Listed entries Block Start

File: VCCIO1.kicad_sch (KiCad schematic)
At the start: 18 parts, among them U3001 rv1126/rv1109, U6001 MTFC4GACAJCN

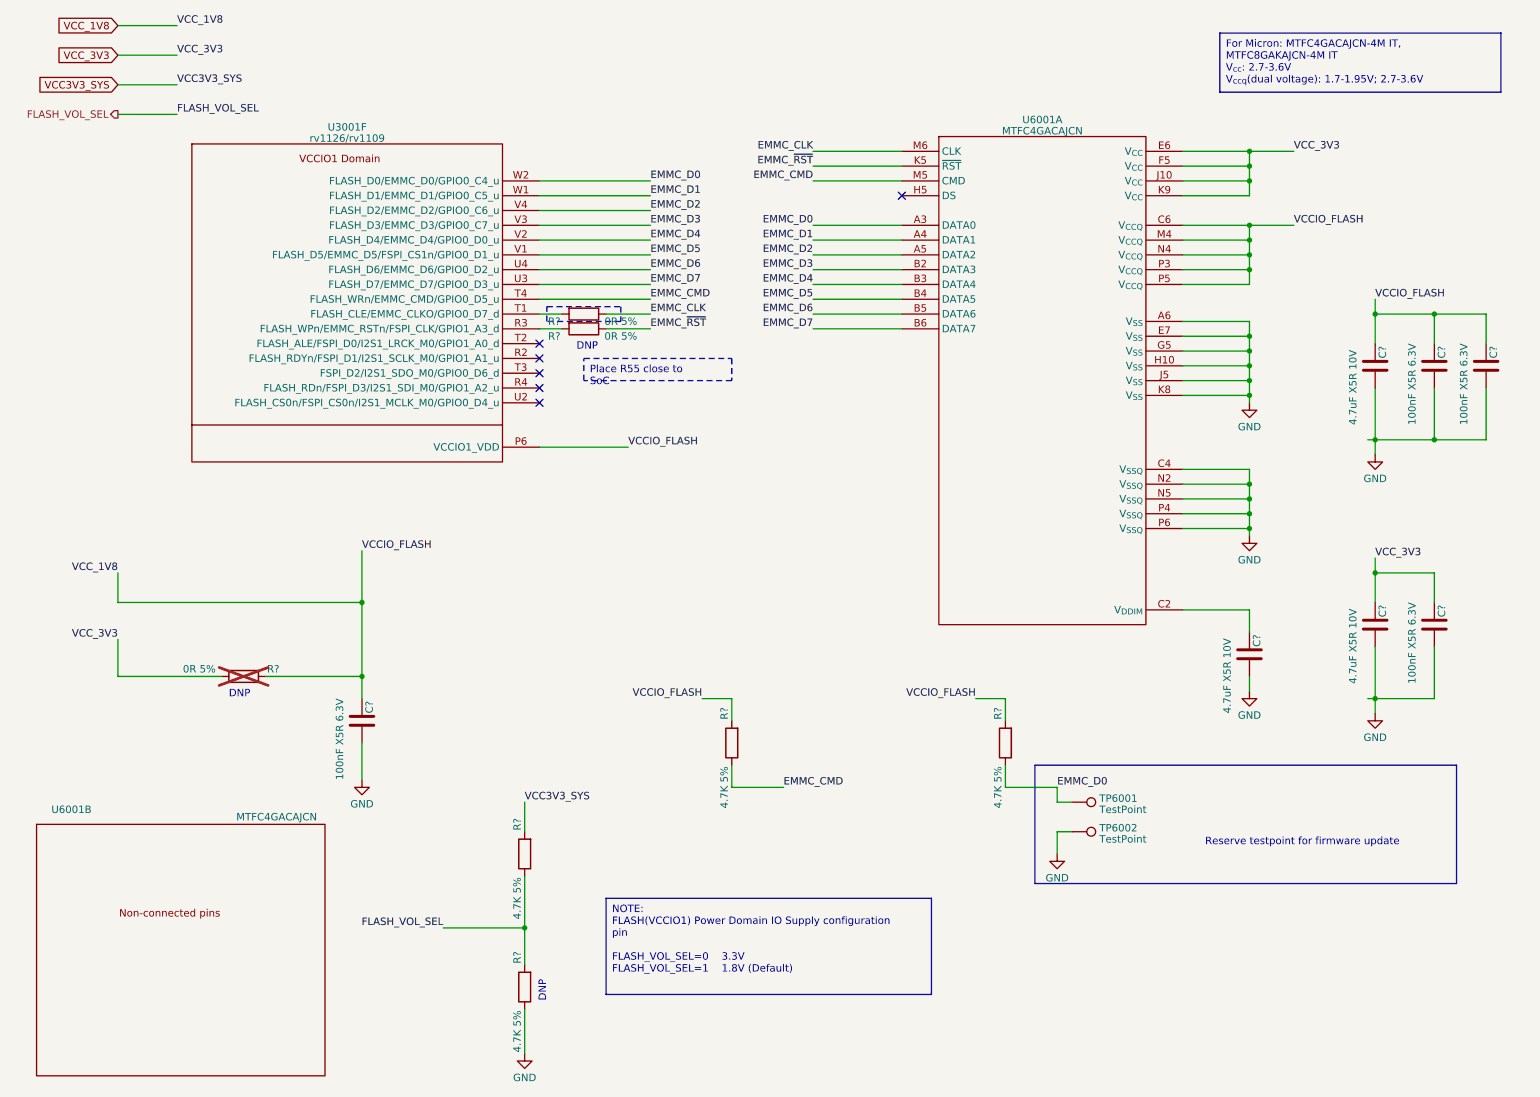
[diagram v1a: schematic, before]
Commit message: move DDR power decoupling capacitors into DDR4 Sheet
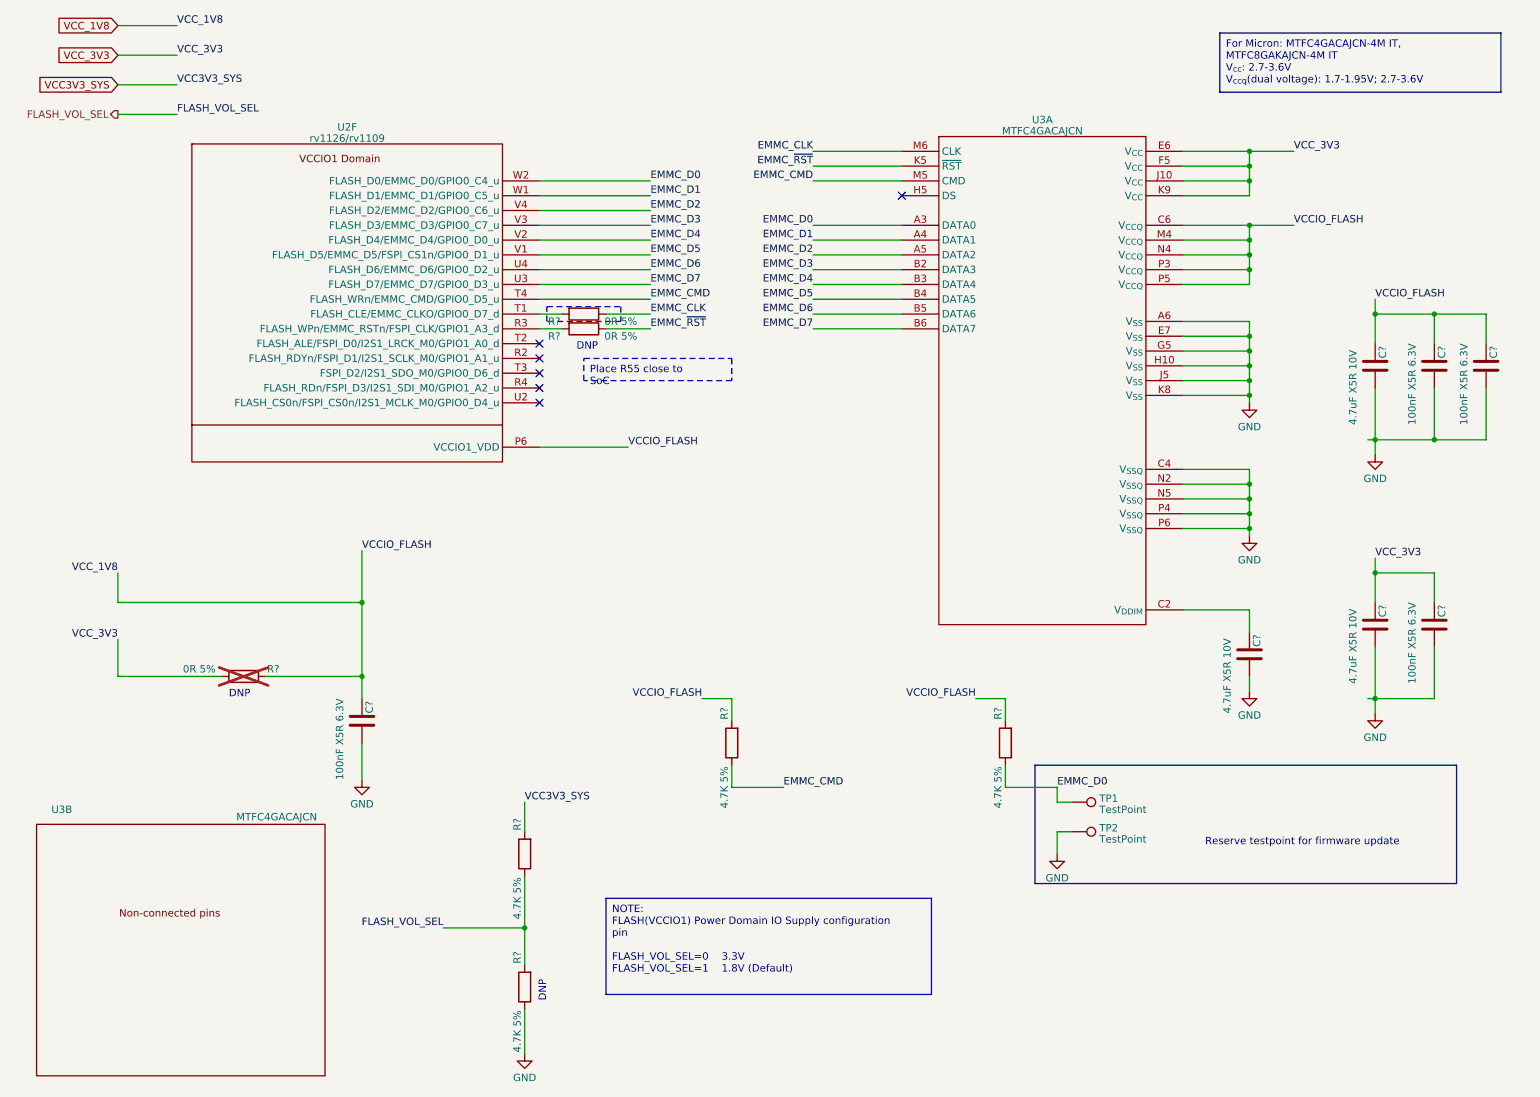
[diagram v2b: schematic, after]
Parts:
- renumbered TP6001 to TP1, TP6002 to TP2, U3001 to U2, U6001 to U3
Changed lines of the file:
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@@
         )
         (path "/e3b58043-16a3-43c8-9fad-9c9784eebfa4/0d403b82-6ed8-44f7-a148-d104315eeb81"
-          (reference "R6002") (unit 1)
+          (reference "R14") (unit 1)
         )
       )
@@
   (symbol (lib_id "power:GND") (at 223.52 102.87 0) (unit 1)
     (in_bom yes) (on_board yes) (dnp no)
-    (property "Reference" "#PWR06005" (at 223.52 109.22 0)
+    (property "Reference" "#PWR024" (at 223.52 109.22 0)
       (effects (font (size 1.27 1.27)) hide)
     )
@@
       (project "leaf"
         (path "/e3b58043-16a3-43c8-9fad-9c9784eebfa4/0d403b82-6ed8-44f7-a148-d104315eeb81"
-          (reference "#PWR06005") (unit 1)
+          (reference "#PWR024") (unit 1)
         )
       )
@@
         )
         (path "/e3b58043-16a3-43c8-9fad-9c9784eebfa4/0d403b82-6ed8-44f7-a148-d104315eeb81"
-          (reference "C6003") (unit 1)
+          (reference "C19") (unit 1)
         )
       )
@@
   (symbol (lib_id "power:GND") (at 245.11 133.35 0) (unit 1)
     (in_bom yes) (on_board yes) (dnp no) (fields_autoplaced)
-    (property "Reference" "#PWR06008" (at 245.11 139.7 0)
+    (property "Reference" "#PWR027" (at 245.11 139.7 0)
       (effects (font (size 1.27 1.27)) hide)
     )
@@
       (project "leaf"
         (path "/e3b58043-16a3-43c8-9fad-9c9784eebfa4/0d403b82-6ed8-44f7-a148-d104315eeb81"
-          (reference "#PWR06008") (unit 1)
+          (reference "#PWR027") (unit 1)
         )
       )
@@
   (symbol (lib_id "Connector:TestPoint") (at 193.04 153.67 270) (unit 1)
     (in_bom yes) (on_board yes) (dnp no) (fields_autoplaced)
-    (property "Reference" "TP6002" (at 197.739 153.0263 90)
+    (property "Reference" "TP2" (at 197.739 153.0263 90)
       (effects (font (size 1.27 1.27)) (justify left))
     )
@@
       (project "leaf"
         (path "/e3b58043-16a3-43c8-9fad-9c9784eebfa4/0d403b82-6ed8-44f7-a148-d104315eeb81"
-          (reference "TP6002") (unit 1)
+          (reference "TP2") (unit 1)
         )
       )
@@
         )
         (path "/e3b58043-16a3-43c8-9fad-9c9784eebfa4/0d403b82-6ed8-44f7-a148-d104315eeb81"
-          (reference "R6005") (unit 1)
+          (reference "R17") (unit 1)
         )
       )
@@
   (symbol (lib_id "Memory_eMMC:MTFC4GACAJCN") (at 38.1 171.45 0) (unit 2)
     (in_bom yes) (on_board yes) (dnp no)
-    (property "Reference" "U6001" (at 17.78 149.86 0)
+    (property "Reference" "U3" (at 17.78 149.86 0)
       (effects (font (size 1.27 1.27)) (justify left))
     )
@@
       (project "leaf"
         (path "/e3b58043-16a3-43c8-9fad-9c9784eebfa4/0d403b82-6ed8-44f7-a148-d104315eeb81"
-          (reference "U6001") (unit 2)
+          (reference "U3") (unit 2)
         )
       )
@@
   (symbol (lib_id "power:GND") (at 190.5 157.48 0) (unit 1)
     (in_bom yes) (on_board yes) (dnp no) (fields_autoplaced)
-    (property "Reference" "#PWR06003" (at 190.5 163.83 0)
+    (property "Reference" "#PWR022" (at 190.5 163.83 0)
       (effects (font (size 1.27 1.27)) hide)
     )
@@
       (project "leaf"
         (path "/e3b58043-16a3-43c8-9fad-9c9784eebfa4/0d403b82-6ed8-44f7-a148-d104315eeb81"
-          (reference "#PWR06003") (unit 1)
+          (reference "#PWR022") (unit 1)
         )
       )
@@
   (symbol (lib_id "power:GND") (at 245.11 88.9 0) (unit 1)
     (in_bom yes) (on_board yes) (dnp no) (fields_autoplaced)
-    (property "Reference" "#PWR06007" (at 245.11 95.25 0)
+    (property "Reference" "#PWR026" (at 245.11 95.25 0)
       (effects (font (size 1.27 1.27)) hide)
     )
@@
       (project "leaf"
         (path "/e3b58043-16a3-43c8-9fad-9c9784eebfa4/0d403b82-6ed8-44f7-a148-d104315eeb81"
-          (reference "#PWR06007") (unit 1)
+          (reference "#PWR026") (unit 1)
         )
       )
@@
         )
         (path "/e3b58043-16a3-43c8-9fad-9c9784eebfa4/0d403b82-6ed8-44f7-a148-d104315eeb81"
-          (reference "R6001") (unit 1)
+          (reference "R13") (unit 1)
         )
       )
@@
   (symbol (lib_id "power:GND") (at 99.06 191.77 0) (unit 1)
     (in_bom yes) (on_board yes) (dnp no) (fields_autoplaced)
-    (property "Reference" "#PWR06002" (at 99.06 198.12 0)
+    (property "Reference" "#PWR021" (at 99.06 198.12 0)
       (effects (font (size 1.27 1.27)) hide)
     )
@@
       (project "leaf"
         (path "/e3b58043-16a3-43c8-9fad-9c9784eebfa4/0d403b82-6ed8-44f7-a148-d104315eeb81"
-          (reference "#PWR06002") (unit 1)
+          (reference "#PWR021") (unit 1)
         )
       )
@@
         )
         (path "/e3b58043-16a3-43c8-9fad-9c9784eebfa4/0d403b82-6ed8-44f7-a148-d104315eeb81"
-          (reference "R6004") (unit 1)
+          (reference "R16") (unit 1)
         )
       )
@@
   (symbol (lib_id "Memory_eMMC:MTFC4GACAJCN") (at 187.96 53.34 0) (unit 1)
     (in_bom yes) (on_board yes) (dnp no) (fields_autoplaced)
-    (property "Reference" "U6001" (at 187.96 31.4071 0)
+    (property "Reference" "U3" (at 187.96 31.4071 0)
       (effects (font (size 1.27 1.27)))
     )
@@
       (project "leaf"
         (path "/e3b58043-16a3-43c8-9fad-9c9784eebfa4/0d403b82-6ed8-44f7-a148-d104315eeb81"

Listed entries Block End

Show every line of the entries above where the word "power" occurs.

Commit message: move DDR power decoupling capacitors into DDR4 Sheet
   (symbol (lib_id "power:GND") (at 223.52 102.87 0) (unit 1)
   (symbol (lib_id "power:GND") (at 245.11 133.35 0) (unit 1)
   (symbol (lib_id "power:GND") (at 190.5 157.48 0) (unit 1)
   (symbol (lib_id "power:GND") (at 245.11 88.9 0) (unit 1)
   (symbol (lib_id "power:GND") (at 99.06 191.77 0) (unit 1)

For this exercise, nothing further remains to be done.